Review by Marie Friend reviews_she_dreams.html
By Wanda Burch
New World Library 2003
Price $14.95
This is not your average, run of the mill dream book, whereby the author gives interpretations of dream symbols or guides the reader into recalling their dreams. Not that there is anything wrong with such books, (I have several of my own) - but She Who Dreams is in a class all by itself and it is superb.
This is the story of one woman's survival of the dread disease of cancer. She has such faith in her dreams that she is alive to tell her story thirteen years after the fact. No, it isn't another self-help book either, although it will inspire you and uplift you whether you have a life threatening illness or not.
In her Introduction to her story, Wanda Burch makes a simple, yet profound statement. "I am alive because I dream." (pp xiii). From this opening declaration she tells a story that resonated with my spirit and my own innate belief in the importance, no the absolute necessity of taking note of our dreams in order to lead our lives as we vowed to do when we entered this world. Our dreams are an integral part of our existence and Wand Burch brings this home to the reader in no uncertain terms.
She was born and raised in the South, of Irish/American stock. Her maternal grandmother was a strong influence during her childhood, teaching her the importance of her dreams. It became a morning ritual, at the breakfast table, to discuss her nightly dreams with her Mother. She grew up to marry 'the boy next door' had a son with whom she obviously has a strong bond and a job that she loved. In other words, she lived the proverbial American dream of a happy family unit. Added to this she enjoyed the friendship of Robert Moss, author of Conscious Dreaming (he writes very good Foreword to her book.)
For years she ignored a continuous warning dream of her imminent death, that would take place at the age of forty-three - - until this dream became almost a reality. She knew that she had breast cancer. After fighting the medical professionals who initially scoffed at her announcement that she had a malignancy, she was finally diagnosed as having a mass in her left breast, jus as her dreams had foretold.

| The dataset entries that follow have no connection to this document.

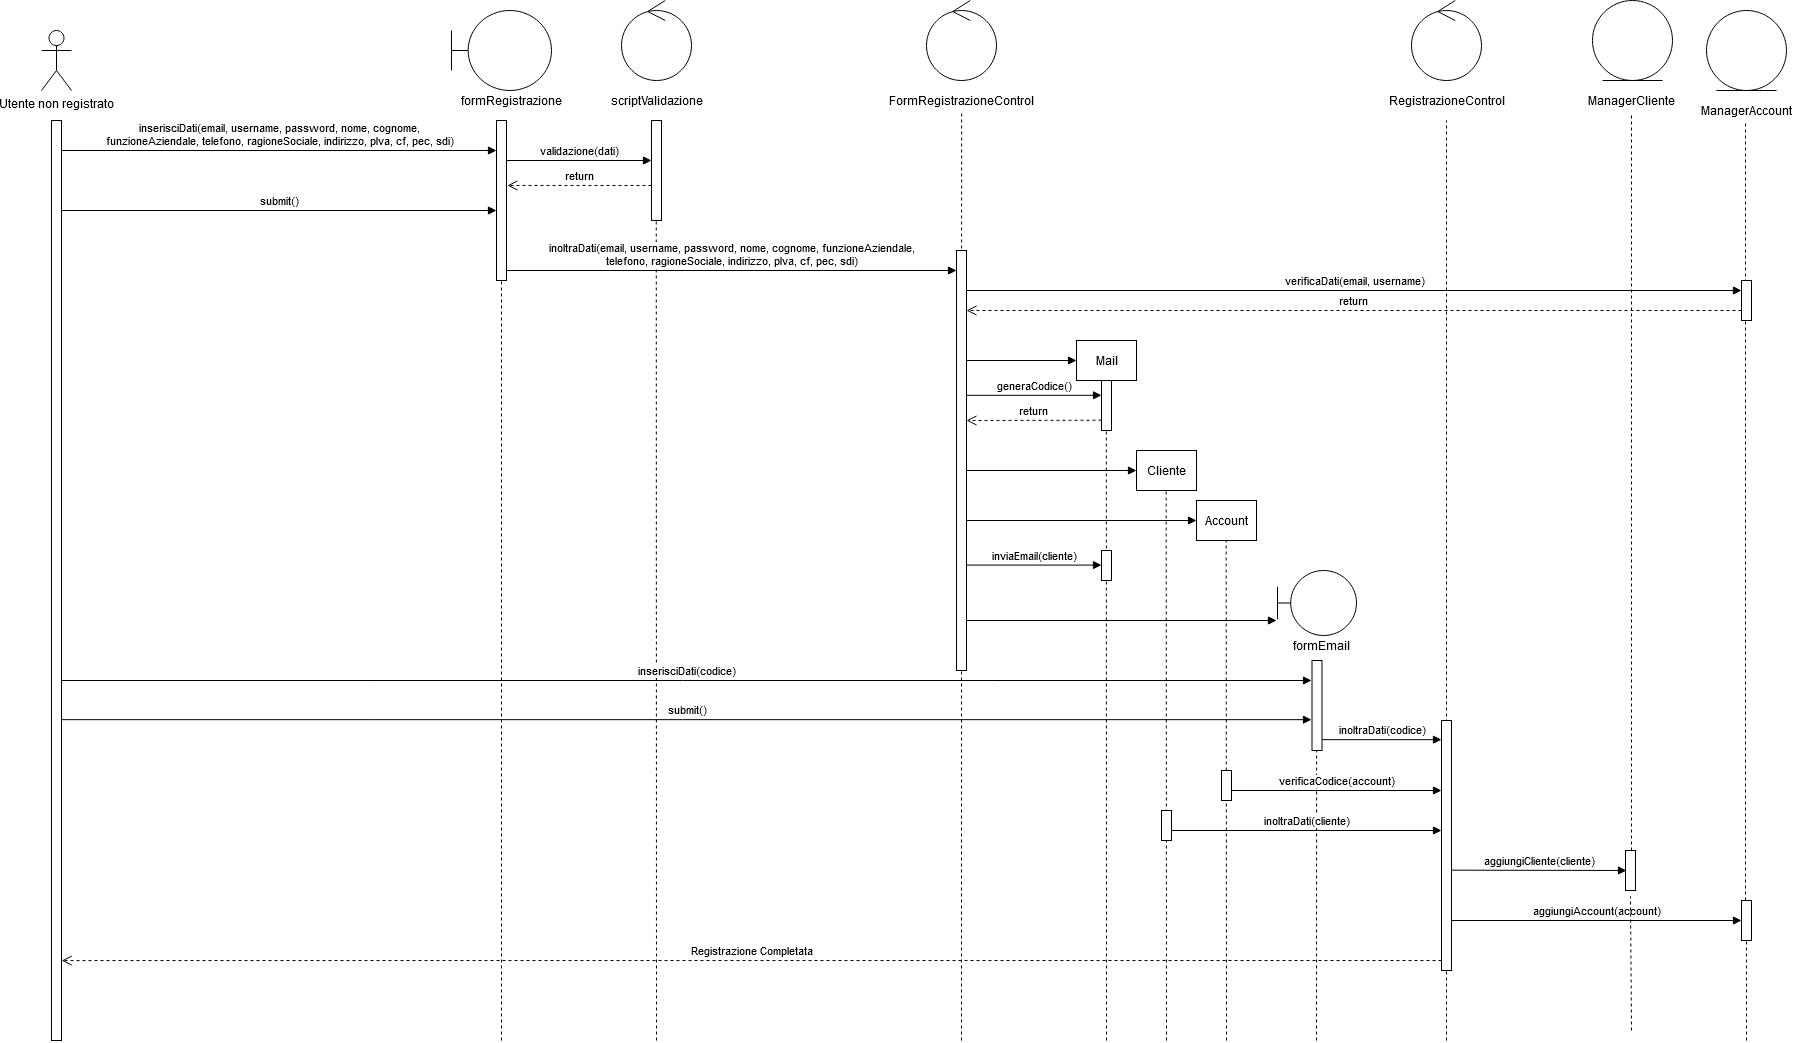

The diagram above was exported from draw.io. Its source (the exported page's mxGraphModel, read from the mxfile embedded in the PNG):
<mxGraphModel dx="2743" dy="1453" grid="1" gridSize="10" guides="1" tooltips="1" connect="1" arrows="1" fold="1" page="1" pageScale="1" pageWidth="827" pageHeight="1169" math="0" shadow="0">
  <root>
    <mxCell id="0" />
    <mxCell id="1" parent="0" />
    <mxCell id="geTPdMFuNBYL1qGn7wAn-168" value="" style="endArrow=none;dashed=1;html=1;entryX=0.5;entryY=1.15;entryDx=0;entryDy=0;entryPerimeter=0;" parent="1" target="geTPdMFuNBYL1qGn7wAn-151" edge="1" source="geTPdMFuNBYL1qGn7wAn-152">
      <mxGeometry width="50" height="50" relative="1" as="geometry">
        <mxPoint x="1650" y="1030" as="sourcePoint" />
        <mxPoint x="1649.5000000000002" y="130" as="targetPoint" />
      </mxGeometry>
    </mxCell>
    <mxCell id="geTPdMFuNBYL1qGn7wAn-165" value="" style="endArrow=none;dashed=1;html=1;" parent="1" edge="1">
      <mxGeometry width="50" height="50" relative="1" as="geometry">
        <mxPoint x="1335" y="1040" as="sourcePoint" />
        <mxPoint x="1335.1600000000005" y="660" as="targetPoint" />
      </mxGeometry>
    </mxCell>
    <mxCell id="geTPdMFuNBYL1qGn7wAn-167" value="" style="endArrow=none;dashed=1;html=1;entryX=0.491;entryY=1;entryDx=0;entryDy=0;entryPerimeter=0;" parent="1" target="geTPdMFuNBYL1qGn7wAn-110" edge="1" source="geTPdMFuNBYL1qGn7wAn-147">
      <mxGeometry width="50" height="50" relative="1" as="geometry">
        <mxPoint x="1765" y="1040" as="sourcePoint" />
        <mxPoint x="1764.8" y="130" as="targetPoint" />
      </mxGeometry>
    </mxCell>
    <mxCell id="geTPdMFuNBYL1qGn7wAn-166" value="" style="endArrow=none;dashed=1;html=1;" parent="1" edge="1">
      <mxGeometry width="50" height="50" relative="1" as="geometry">
        <mxPoint x="1465" y="1040" as="sourcePoint" />
        <mxPoint x="1465" y="120" as="targetPoint" />
      </mxGeometry>
    </mxCell>
    <mxCell id="geTPdMFuNBYL1qGn7wAn-164" value="" style="endArrow=none;dashed=1;html=1;" parent="1" edge="1">
      <mxGeometry width="50" height="50" relative="1" as="geometry">
        <mxPoint x="1245" y="1040" as="sourcePoint" />
        <mxPoint x="1244.6600000000005" y="540" as="targetPoint" />
      </mxGeometry>
    </mxCell>
    <mxCell id="geTPdMFuNBYL1qGn7wAn-163" value="" style="endArrow=none;dashed=1;html=1;" parent="1" edge="1">
      <mxGeometry width="50" height="50" relative="1" as="geometry">
        <mxPoint x="1185" y="1040" as="sourcePoint" />
        <mxPoint x="1184.6600000000005" y="490" as="targetPoint" />
      </mxGeometry>
    </mxCell>
    <mxCell id="geTPdMFuNBYL1qGn7wAn-162" value="" style="endArrow=none;dashed=1;html=1;" parent="1" edge="1">
      <mxGeometry width="50" height="50" relative="1" as="geometry">
        <mxPoint x="1125" y="1040" as="sourcePoint" />
        <mxPoint x="1124.8200000000004" y="430" as="targetPoint" />
      </mxGeometry>
    </mxCell>
    <mxCell id="geTPdMFuNBYL1qGn7wAn-156" value="" style="endArrow=none;dashed=1;html=1;" parent="1" edge="1">
      <mxGeometry width="50" height="50" relative="1" as="geometry">
        <mxPoint x="980" y="1040" as="sourcePoint" />
        <mxPoint x="980.1200000000002" y="110" as="targetPoint" />
      </mxGeometry>
    </mxCell>
    <mxCell id="geTPdMFuNBYL1qGn7wAn-155" value="" style="endArrow=none;dashed=1;html=1;" parent="1" edge="1">
      <mxGeometry width="50" height="50" relative="1" as="geometry">
        <mxPoint x="675" y="1040" as="sourcePoint" />
        <mxPoint x="674.76" y="220" as="targetPoint" />
      </mxGeometry>
    </mxCell>
    <mxCell id="geTPdMFuNBYL1qGn7wAn-85" value="Utente non registrato" style="shape=umlActor;verticalLabelPosition=bottom;verticalAlign=top;html=1;" parent="1" vertex="1">
      <mxGeometry x="60" y="30" width="30" height="60" as="geometry" />
    </mxCell>
    <mxCell id="geTPdMFuNBYL1qGn7wAn-86" value="" style="html=1;points=[];perimeter=orthogonalPerimeter;" parent="1" vertex="1">
      <mxGeometry x="70" y="120" width="10" height="920" as="geometry" />
    </mxCell>
    <mxCell id="geTPdMFuNBYL1qGn7wAn-88" value="&lt;div&gt;inserisciDati(email, username, password, nome, cognome, &lt;br&gt;&lt;/div&gt;&lt;div&gt;funzioneAziendale, telefono, ragioneSociale, indirizzo, pIva, cf, pec, sdi)&lt;/div&gt;" style="html=1;verticalAlign=bottom;endArrow=block;" parent="1" edge="1">
      <mxGeometry width="80" relative="1" as="geometry">
        <mxPoint x="80" y="150" as="sourcePoint" />
        <mxPoint x="515" y="150" as="targetPoint" />
      </mxGeometry>
    </mxCell>
    <mxCell id="geTPdMFuNBYL1qGn7wAn-89" value="" style="shape=umlBoundary;whiteSpace=wrap;html=1;" parent="1" vertex="1">
      <mxGeometry x="470" y="10" width="100" height="80" as="geometry" />
    </mxCell>
    <mxCell id="geTPdMFuNBYL1qGn7wAn-90" value="formRegistrazione" style="text;html=1;align=center;verticalAlign=middle;resizable=0;points=[];autosize=1;" parent="1" vertex="1">
      <mxGeometry x="470" y="90" width="120" height="20" as="geometry" />
    </mxCell>
    <mxCell id="geTPdMFuNBYL1qGn7wAn-91" value="" style="html=1;points=[];perimeter=orthogonalPerimeter;" parent="1" vertex="1">
      <mxGeometry x="515" y="120" width="10" height="160" as="geometry" />
    </mxCell>
    <mxCell id="geTPdMFuNBYL1qGn7wAn-92" value="" style="ellipse;shape=umlControl;whiteSpace=wrap;html=1;" parent="1" vertex="1">
      <mxGeometry x="640" width="70" height="80" as="geometry" />
    </mxCell>
    <mxCell id="geTPdMFuNBYL1qGn7wAn-93" value="submit()" style="html=1;verticalAlign=bottom;endArrow=block;" parent="1" edge="1">
      <mxGeometry width="80" relative="1" as="geometry">
        <mxPoint x="80" y="210" as="sourcePoint" />
        <mxPoint x="515" y="210" as="targetPoint" />
      </mxGeometry>
    </mxCell>
    <mxCell id="geTPdMFuNBYL1qGn7wAn-94" value="" style="html=1;points=[];perimeter=orthogonalPerimeter;" parent="1" vertex="1">
      <mxGeometry x="670" y="120" width="10" height="100" as="geometry" />
    </mxCell>
    <mxCell id="geTPdMFuNBYL1qGn7wAn-95" value="scriptValidazione" style="text;html=1;align=center;verticalAlign=middle;resizable=0;points=[];autosize=1;" parent="1" vertex="1">
      <mxGeometry x="620" y="90" width="110" height="20" as="geometry" />
    </mxCell>
    <mxCell id="geTPdMFuNBYL1qGn7wAn-96" value="validazione(dati)" style="html=1;verticalAlign=bottom;endArrow=block;" parent="1" target="geTPdMFuNBYL1qGn7wAn-94" edge="1">
      <mxGeometry width="80" relative="1" as="geometry">
        <mxPoint x="525" y="160" as="sourcePoint" />
        <mxPoint x="605" y="160" as="targetPoint" />
      </mxGeometry>
    </mxCell>
    <mxCell id="geTPdMFuNBYL1qGn7wAn-98" value="&lt;div&gt;inoltraDati(email, username, password, nome, cognome, funzioneAziendale, &lt;br&gt;&lt;/div&gt;&lt;div&gt;telefono, ragioneSociale, indirizzo, pIva, cf, pec, sdi)&lt;/div&gt;" style="html=1;verticalAlign=bottom;endArrow=block;" parent="1" edge="1">
      <mxGeometry width="80" relative="1" as="geometry">
        <mxPoint x="525" y="270" as="sourcePoint" />
        <mxPoint x="975" y="270" as="targetPoint" />
      </mxGeometry>
    </mxCell>
    <mxCell id="geTPdMFuNBYL1qGn7wAn-99" value="return" style="html=1;verticalAlign=bottom;endArrow=open;dashed=1;endSize=8;entryX=1.09;entryY=0.406;entryDx=0;entryDy=0;entryPerimeter=0;" parent="1" target="geTPdMFuNBYL1qGn7wAn-91" edge="1">
      <mxGeometry relative="1" as="geometry">
        <mxPoint x="670" y="185" as="sourcePoint" />
        <mxPoint x="590" y="184.82999999999998" as="targetPoint" />
      </mxGeometry>
    </mxCell>
    <mxCell id="geTPdMFuNBYL1qGn7wAn-100" value="" style="ellipse;shape=umlControl;whiteSpace=wrap;html=1;" parent="1" vertex="1">
      <mxGeometry x="945" width="70" height="80" as="geometry" />
    </mxCell>
    <mxCell id="geTPdMFuNBYL1qGn7wAn-101" value="" style="html=1;points=[];perimeter=orthogonalPerimeter;" parent="1" vertex="1">
      <mxGeometry x="975" y="250" width="10" height="420" as="geometry" />
    </mxCell>
    <mxCell id="geTPdMFuNBYL1qGn7wAn-102" value="FormRegistrazioneControl" style="text;html=1;align=center;verticalAlign=middle;resizable=0;points=[];autosize=1;" parent="1" vertex="1">
      <mxGeometry x="900" y="90" width="160" height="20" as="geometry" />
    </mxCell>
    <mxCell id="geTPdMFuNBYL1qGn7wAn-103" value="" style="ellipse;shape=umlEntity;whiteSpace=wrap;html=1;" parent="1" vertex="1">
      <mxGeometry x="1725" y="10" width="80" height="80" as="geometry" />
    </mxCell>
    <mxCell id="geTPdMFuNBYL1qGn7wAn-104" value="verificaDati(email, username)" style="html=1;verticalAlign=bottom;endArrow=block;" parent="1" edge="1">
      <mxGeometry width="80" relative="1" as="geometry">
        <mxPoint x="985" y="290.0000000000001" as="sourcePoint" />
        <mxPoint x="1760" y="290" as="targetPoint" />
      </mxGeometry>
    </mxCell>
    <mxCell id="geTPdMFuNBYL1qGn7wAn-105" value="" style="html=1;points=[];perimeter=orthogonalPerimeter;" parent="1" vertex="1">
      <mxGeometry x="1760" y="280" width="10" height="40" as="geometry" />
    </mxCell>
    <mxCell id="geTPdMFuNBYL1qGn7wAn-106" value="return" style="html=1;verticalAlign=bottom;endArrow=open;dashed=1;endSize=8;" parent="1" edge="1">
      <mxGeometry relative="1" as="geometry">
        <mxPoint x="1760" y="310" as="sourcePoint" />
        <mxPoint x="985" y="310" as="targetPoint" />
      </mxGeometry>
    </mxCell>
    <mxCell id="geTPdMFuNBYL1qGn7wAn-110" value="ManagerAccount" style="text;html=1;align=center;verticalAlign=middle;resizable=0;points=[];autosize=1;" parent="1" vertex="1">
      <mxGeometry x="1710" y="100" width="110" height="20" as="geometry" />
    </mxCell>
    <mxCell id="geTPdMFuNBYL1qGn7wAn-111" value="" style="html=1;verticalAlign=bottom;endArrow=block;" parent="1" edge="1">
      <mxGeometry width="80" relative="1" as="geometry">
        <mxPoint x="985" y="360" as="sourcePoint" />
        <mxPoint x="1095" y="360" as="targetPoint" />
      </mxGeometry>
    </mxCell>
    <mxCell id="geTPdMFuNBYL1qGn7wAn-112" value="Mail" style="html=1;" parent="1" vertex="1">
      <mxGeometry x="1095" y="340" width="60" height="40" as="geometry" />
    </mxCell>
    <mxCell id="geTPdMFuNBYL1qGn7wAn-113" value="" style="html=1;verticalAlign=bottom;endArrow=block;" parent="1" edge="1">
      <mxGeometry width="80" relative="1" as="geometry">
        <mxPoint x="985" y="470" as="sourcePoint" />
        <mxPoint x="1155" y="470" as="targetPoint" />
      </mxGeometry>
    </mxCell>
    <mxCell id="geTPdMFuNBYL1qGn7wAn-114" value="Cliente" style="html=1;" parent="1" vertex="1">
      <mxGeometry x="1155" y="450" width="60" height="40" as="geometry" />
    </mxCell>
    <mxCell id="geTPdMFuNBYL1qGn7wAn-115" value="" style="html=1;verticalAlign=bottom;endArrow=block;" parent="1" edge="1">
      <mxGeometry width="80" relative="1" as="geometry">
        <mxPoint x="985" y="520" as="sourcePoint" />
        <mxPoint x="1215" y="520" as="targetPoint" />
      </mxGeometry>
    </mxCell>
    <mxCell id="geTPdMFuNBYL1qGn7wAn-116" value="Account" style="html=1;" parent="1" vertex="1">
      <mxGeometry x="1215" y="500" width="60" height="40" as="geometry" />
    </mxCell>
    <mxCell id="geTPdMFuNBYL1qGn7wAn-118" value="" style="html=1;points=[];perimeter=orthogonalPerimeter;" parent="1" vertex="1">
      <mxGeometry x="1120" y="380" width="10" height="50" as="geometry" />
    </mxCell>
    <mxCell id="geTPdMFuNBYL1qGn7wAn-121" value="generaCodice()" style="html=1;verticalAlign=bottom;endArrow=block;" parent="1" edge="1">
      <mxGeometry width="80" relative="1" as="geometry">
        <mxPoint x="985" y="394.8" as="sourcePoint" />
        <mxPoint x="1120" y="394.8" as="targetPoint" />
      </mxGeometry>
    </mxCell>
    <mxCell id="geTPdMFuNBYL1qGn7wAn-122" value="" style="html=1;points=[];perimeter=orthogonalPerimeter;" parent="1" vertex="1">
      <mxGeometry x="1120" y="550" width="10" height="30" as="geometry" />
    </mxCell>
    <mxCell id="geTPdMFuNBYL1qGn7wAn-123" value="inviaEmail(cliente)" style="html=1;verticalAlign=bottom;endArrow=block;" parent="1" edge="1">
      <mxGeometry width="80" relative="1" as="geometry">
        <mxPoint x="985" y="564.58" as="sourcePoint" />
        <mxPoint x="1120" y="564.58" as="targetPoint" />
      </mxGeometry>
    </mxCell>
    <mxCell id="geTPdMFuNBYL1qGn7wAn-124" value="" style="html=1;verticalAlign=bottom;endArrow=block;" parent="1" edge="1">
      <mxGeometry width="80" relative="1" as="geometry">
        <mxPoint x="985" y="620" as="sourcePoint" />
        <mxPoint x="1295" y="620" as="targetPoint" />
      </mxGeometry>
    </mxCell>
    <mxCell id="geTPdMFuNBYL1qGn7wAn-125" value="" style="shape=umlBoundary;whiteSpace=wrap;html=1;" parent="1" vertex="1">
      <mxGeometry x="1296" y="570" width="79" height="65" as="geometry" />
    </mxCell>
    <mxCell id="geTPdMFuNBYL1qGn7wAn-126" value="formEmail" style="text;html=1;align=center;verticalAlign=middle;resizable=0;points=[];autosize=1;" parent="1" vertex="1">
      <mxGeometry x="1305" y="635" width="70" height="20" as="geometry" />
    </mxCell>
    <mxCell id="geTPdMFuNBYL1qGn7wAn-127" value="" style="html=1;points=[];perimeter=orthogonalPerimeter;" parent="1" vertex="1">
      <mxGeometry x="1330.5" y="660" width="10" height="90" as="geometry" />
    </mxCell>
    <mxCell id="geTPdMFuNBYL1qGn7wAn-128" value="inserisciDati(codice)" style="html=1;verticalAlign=bottom;endArrow=block;" parent="1" edge="1">
      <mxGeometry width="80" relative="1" as="geometry">
        <mxPoint x="80" y="680" as="sourcePoint" />
        <mxPoint x="1330" y="680" as="targetPoint" />
      </mxGeometry>
    </mxCell>
    <mxCell id="geTPdMFuNBYL1qGn7wAn-129" value="submit()" style="html=1;verticalAlign=bottom;endArrow=block;" parent="1" edge="1">
      <mxGeometry width="80" relative="1" as="geometry">
        <mxPoint x="80.5" y="719.17" as="sourcePoint" />
        <mxPoint x="1330" y="719.17" as="targetPoint" />
      </mxGeometry>
    </mxCell>
    <mxCell id="geTPdMFuNBYL1qGn7wAn-130" value="" style="ellipse;shape=umlControl;whiteSpace=wrap;html=1;" parent="1" vertex="1">
      <mxGeometry x="1430" width="70" height="80" as="geometry" />
    </mxCell>
    <mxCell id="geTPdMFuNBYL1qGn7wAn-131" value="RegistrazioneControl" style="text;html=1;align=center;verticalAlign=middle;resizable=0;points=[];autosize=1;" parent="1" vertex="1">
      <mxGeometry x="1400" y="90" width="130" height="20" as="geometry" />
    </mxCell>
    <mxCell id="geTPdMFuNBYL1qGn7wAn-132" value="" style="html=1;points=[];perimeter=orthogonalPerimeter;" parent="1" vertex="1">
      <mxGeometry x="1460" y="720" width="10" height="250" as="geometry" />
    </mxCell>
    <mxCell id="geTPdMFuNBYL1qGn7wAn-133" value="inoltraDati(codice)" style="html=1;verticalAlign=bottom;endArrow=block;" parent="1" edge="1">
      <mxGeometry width="80" relative="1" as="geometry">
        <mxPoint x="1340.5" y="739.17" as="sourcePoint" />
        <mxPoint x="1460" y="739.17" as="targetPoint" />
      </mxGeometry>
    </mxCell>
    <mxCell id="geTPdMFuNBYL1qGn7wAn-137" value="" style="html=1;points=[];perimeter=orthogonalPerimeter;" parent="1" vertex="1">
      <mxGeometry x="1180" y="810" width="10" height="30" as="geometry" />
    </mxCell>
    <mxCell id="geTPdMFuNBYL1qGn7wAn-139" value="inoltraDati(cliente)" style="html=1;verticalAlign=bottom;endArrow=block;" parent="1" edge="1">
      <mxGeometry width="80" relative="1" as="geometry">
        <mxPoint x="1190" y="830" as="sourcePoint" />
        <mxPoint x="1460" y="830" as="targetPoint" />
      </mxGeometry>
    </mxCell>
    <mxCell id="geTPdMFuNBYL1qGn7wAn-140" value="" style="html=1;points=[];perimeter=orthogonalPerimeter;" parent="1" vertex="1">
      <mxGeometry x="1240" y="770" width="10" height="30" as="geometry" />
    </mxCell>
    <mxCell id="geTPdMFuNBYL1qGn7wAn-141" value="verificaCodice(account)" style="html=1;verticalAlign=bottom;endArrow=block;" parent="1" edge="1">
      <mxGeometry width="80" relative="1" as="geometry">
        <mxPoint x="1250" y="790" as="sourcePoint" />
        <mxPoint x="1460" y="790" as="targetPoint" />
      </mxGeometry>
    </mxCell>
    <mxCell id="geTPdMFuNBYL1qGn7wAn-148" value="aggiungiAccount(account)" style="html=1;verticalAlign=bottom;endArrow=block;" parent="1" edge="1">
      <mxGeometry width="80" relative="1" as="geometry">
        <mxPoint x="1470" y="920" as="sourcePoint" />
        <mxPoint x="1760" y="920" as="targetPoint" />
      </mxGeometry>
    </mxCell>
    <mxCell id="geTPdMFuNBYL1qGn7wAn-149" value="aggiungiCliente(cliente)" style="html=1;verticalAlign=bottom;endArrow=block;" parent="1" edge="1">
      <mxGeometry width="80" relative="1" as="geometry">
        <mxPoint x="1470" y="869.66" as="sourcePoint" />
        <mxPoint x="1645" y="870" as="targetPoint" />
      </mxGeometry>
    </mxCell>
    <mxCell id="geTPdMFuNBYL1qGn7wAn-150" value="" style="ellipse;shape=umlEntity;whiteSpace=wrap;html=1;" parent="1" vertex="1">
      <mxGeometry x="1611" width="80" height="80" as="geometry" />
    </mxCell>
    <mxCell id="geTPdMFuNBYL1qGn7wAn-151" value="ManagerCliente" style="text;html=1;align=center;verticalAlign=middle;resizable=0;points=[];autosize=1;" parent="1" vertex="1">
      <mxGeometry x="1600" y="90" width="100" height="20" as="geometry" />
    </mxCell>
    <mxCell id="geTPdMFuNBYL1qGn7wAn-153" value="Registrazione Completata" style="html=1;verticalAlign=bottom;endArrow=open;dashed=1;endSize=8;entryX=1.014;entryY=0.966;entryDx=0;entryDy=0;entryPerimeter=0;" parent="1" edge="1">
      <mxGeometry relative="1" as="geometry">
        <mxPoint x="1460" y="960" as="sourcePoint" />
        <mxPoint x="80.14000000000033" y="960.0799999999999" as="targetPoint" />
      </mxGeometry>
    </mxCell>
    <mxCell id="geTPdMFuNBYL1qGn7wAn-154" value="" style="endArrow=none;dashed=1;html=1;" parent="1" target="geTPdMFuNBYL1qGn7wAn-91" edge="1">
      <mxGeometry width="50" height="50" relative="1" as="geometry">
        <mxPoint x="520" y="1040" as="sourcePoint" />
        <mxPoint x="570" y="490" as="targetPoint" />
      </mxGeometry>
    </mxCell>
    <mxCell id="geTPdMFuNBYL1qGn7wAn-161" value="return" style="html=1;verticalAlign=bottom;endArrow=open;dashed=1;endSize=8;" parent="1" edge="1">
      <mxGeometry relative="1" as="geometry">
        <mxPoint x="1120" y="419.71" as="sourcePoint" />
        <mxPoint x="985" y="420" as="targetPoint" />
      </mxGeometry>
    </mxCell>
    <mxCell id="geTPdMFuNBYL1qGn7wAn-152" value="" style="html=1;points=[];perimeter=orthogonalPerimeter;" parent="1" vertex="1">
      <mxGeometry x="1644" y="850" width="10" height="40" as="geometry" />
    </mxCell>
    <mxCell id="K3cSwtWffDAFb0HwnOLS-1" value="" style="endArrow=none;dashed=1;html=1;entryX=0.5;entryY=1.15;entryDx=0;entryDy=0;entryPerimeter=0;" edge="1" parent="1" target="geTPdMFuNBYL1qGn7wAn-152">
      <mxGeometry width="50" height="50" relative="1" as="geometry">
        <mxPoint x="1650" y="1030" as="sourcePoint" />
        <mxPoint x="1650" y="113" as="targetPoint" />
      </mxGeometry>
    </mxCell>
    <mxCell id="geTPdMFuNBYL1qGn7wAn-147" value="" style="html=1;points=[];perimeter=orthogonalPerimeter;" parent="1" vertex="1">
      <mxGeometry x="1760" y="900" width="10" height="40" as="geometry" />
    </mxCell>
    <mxCell id="K3cSwtWffDAFb0HwnOLS-2" value="" style="endArrow=none;dashed=1;html=1;entryX=0.491;entryY=1;entryDx=0;entryDy=0;entryPerimeter=0;" edge="1" parent="1" target="geTPdMFuNBYL1qGn7wAn-147">
      <mxGeometry width="50" height="50" relative="1" as="geometry">
        <mxPoint x="1765" y="1040" as="sourcePoint" />
        <mxPoint x="1764.0100000000002" y="119.99999999999989" as="targetPoint" />
      </mxGeometry>
    </mxCell>
  </root>
</mxGraphModel>

This is a book that I had a hard time putting down until I'd come to the last page. The writing flows rhythmically and her descriptive style kept my attention without flagging, with its warmth and poignancy. She gives a clear portrayal of this crisis in her life and how it affects the people around her. We can all relate to a seemingly, impersonal, medical society that can appear to be cold and uncaring at times. Fortunately, as she soon learns, there are supportive doctors such as the oncologist that she shares her dreams with during her chemotherapy treatments. I felt the courage of this woman and empathized with her fears, as she kept control of her life and her sanity by following the messages of healing that came to her through her dreams.
She takes the reader along with her as she shares her dreams and healing experiences with a candor that I found admirable and certainly fascinating. I found myself becoming emotionally teary eyed as she describes a dream that she has when she is desperately trying to renegotiate her 'contract' for the extension of her life. Her dream/vision of being in the presence of an almighty power is awesome and humbling. It made me very much aware of a human being's vulnerability and powerlessness when we are confronted by that all encompassing Power we call by a myriad of names.
Prior to her surgery, she makes a commitment to make a journey to Africa and for three weeks, lives among an Ashanti tribe. These people honor nature in a way that reminded me of the ancient Pagans of Europe and the Native American Indians. This journey not only helps her to prepare for her ordeal ahead but also brings her into contact with a race of people who live by their old traditions and metaphysical concepts. This part of the book is worth reading even if you didn't read the rest of it, but of course, you will finish it as the story keeps pulling at you. After reading about these Ashanti people I was left pondering the question as to whether they are really a third world culture - or if we are!
It goes without saying that She Who Dreams is a book for everyone who values the importance of our dreams. It should be in the library of all dreamers.